As much as high interest rates hammer borrowers, they benefit savers.

“If you’re a saver right now, it’s pretty darn good,” Derek Horstmeyer, a finance professor at George Mason University’s School of Business, told ABC News.

The yields on savings accounts have climbed as the Federal Reserve has lifted its interest rates, since banks accrue additional revenue in a high-interest rate environment and pass along some of that income to depositors.

Meanwhile, an array of high-yield savings accounts has emerged as firms seek to entice depositors with high returns.

The average annual yield on a savings account has more than doubled since April but still stands at just 0.52%, meaning that a typical customer earns a fraction of a percentage point of interest each year for his or her savings deposit, Bankrate data showed.

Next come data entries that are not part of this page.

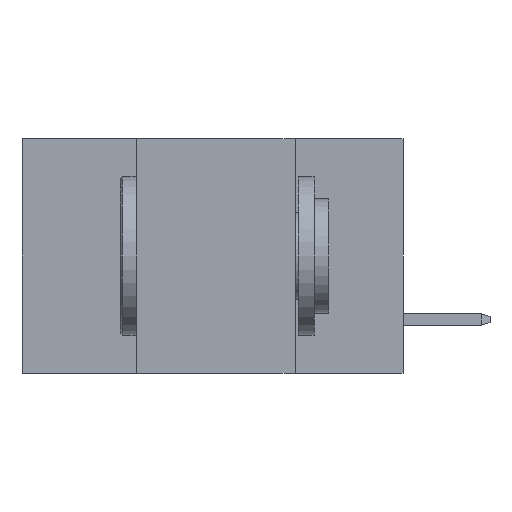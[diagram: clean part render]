
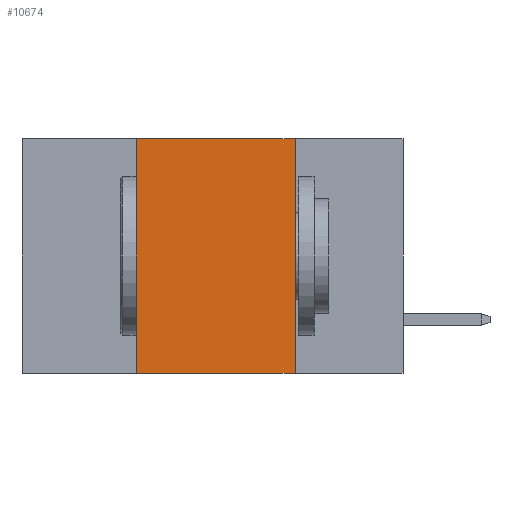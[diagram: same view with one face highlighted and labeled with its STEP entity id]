
A CAD part, left-side view. The second image highlights one B-rep face of the part: STEP entity #10674.
In plain terms, the highlighted planar face has unit normal (-1, 0, 0).
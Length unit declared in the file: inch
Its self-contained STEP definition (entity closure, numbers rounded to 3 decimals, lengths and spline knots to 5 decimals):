
#5 = VERTEX_POINT ( 'NONE', #4838 ) ;
#178 = EDGE_LOOP ( 'NONE', ( #5218, #6476, #4066, #4563 ) ) ;
#294 = VECTOR ( 'NONE', #4157, 39.37008 ) ;
#319 = CARTESIAN_POINT ( 'NONE',  ( 0., 0.6, 0. ) ) ;
#927 = VERTEX_POINT ( 'NONE', #2578 ) ;
#1241 = EDGE_CURVE ( 'NONE', #5, #10087, #11280, .T. ) ;
#1741 = VECTOR ( 'NONE', #4147, 39.37008 ) ;
#2011 = DIRECTION ( 'NONE',  ( 1., 0., 0. ) ) ;
#2407 = VECTOR ( 'NONE', #9746, 39.37008 ) ;
#2428 = CARTESIAN_POINT ( 'NONE',  ( 0., 0.42, 0. ) ) ;
#2545 = EDGE_CURVE ( 'NONE', #5, #6176, #6852, .T. ) ;
#2578 = CARTESIAN_POINT ( 'NONE',  ( 0., 0.17, 0. ) ) ;
#3467 = EDGE_CURVE ( 'NONE', #6176, #927, #5956, .T. ) ;
#3652 = CARTESIAN_POINT ( 'NONE',  ( 0., 0.42, 0. ) ) ;
#3877 = DIRECTION ( 'NONE',  ( 0., 0., -1. ) ) ;
#4066 = ORIENTED_EDGE ( 'NONE', *, *, #2545, .F. ) ;
#4147 = DIRECTION ( 'NONE',  ( 0., -1., 0. ) ) ;
#4157 = DIRECTION ( 'NONE',  ( 0., -1., 0. ) ) ;
#4260 = CARTESIAN_POINT ( 'NONE',  ( 0., 0.6, -0.37 ) ) ;
#4563 = ORIENTED_EDGE ( 'NONE', *, *, #1241, .T. ) ;
#4758 = FACE_OUTER_BOUND ( 'NONE', #178, .T. ) ;
#4838 = CARTESIAN_POINT ( 'NONE',  ( 0., 0.42, -0.37 ) ) ;
#5218 = ORIENTED_EDGE ( 'NONE', *, *, #10540, .F. ) ;
#5956 = LINE ( 'NONE', #6774, #294 ) ;
#5990 = DIRECTION ( 'NONE',  ( 0., 0., 1. ) ) ;
#6176 = VERTEX_POINT ( 'NONE', #3652 ) ;
#6213 = LINE ( 'NONE', #7893, #2407 ) ;
#6476 = ORIENTED_EDGE ( 'NONE', *, *, #3467, .F. ) ;
#6774 = CARTESIAN_POINT ( 'NONE',  ( 0., 0.6, 0. ) ) ;
#6852 = LINE ( 'NONE', #2428, #8470 ) ;
#7028 = CARTESIAN_POINT ( 'NONE',  ( 0., 0.17, -0.37 ) ) ;
#7893 = CARTESIAN_POINT ( 'NONE',  ( 0., 0.17, 0. ) ) ;
#8131 = PLANE ( 'NONE',  #10570 ) ;
#8470 = VECTOR ( 'NONE', #5990, 39.37008 ) ;
#9746 = DIRECTION ( 'NONE',  ( 0., 0., -1. ) ) ;
#10087 = VERTEX_POINT ( 'NONE', #7028 ) ;
#10540 = EDGE_CURVE ( 'NONE', #927, #10087, #6213, .T. ) ;
#10570 = AXIS2_PLACEMENT_3D ( 'NONE', #319, #2011, #3877 ) ;
#10674 = ADVANCED_FACE ( 'NONE', ( #4758 ), #8131, .F. ) ;
#11280 = LINE ( 'NONE', #4260, #1741 ) ;

High-yield savings accounts, however, offer customers as much as about 5% annual percentage yield, a Bankrate analysis said.

Moreover, the simultaneous presence of high interest rates alongside declining inflation means that savers can avoid the elevated consumer prices that previously ate away at savings, said Cox, of Harris Financial Group.

“It’s massively beneficial,” Cox said, noting his expectation that inflation will continue to fall. “It only gets better from here.”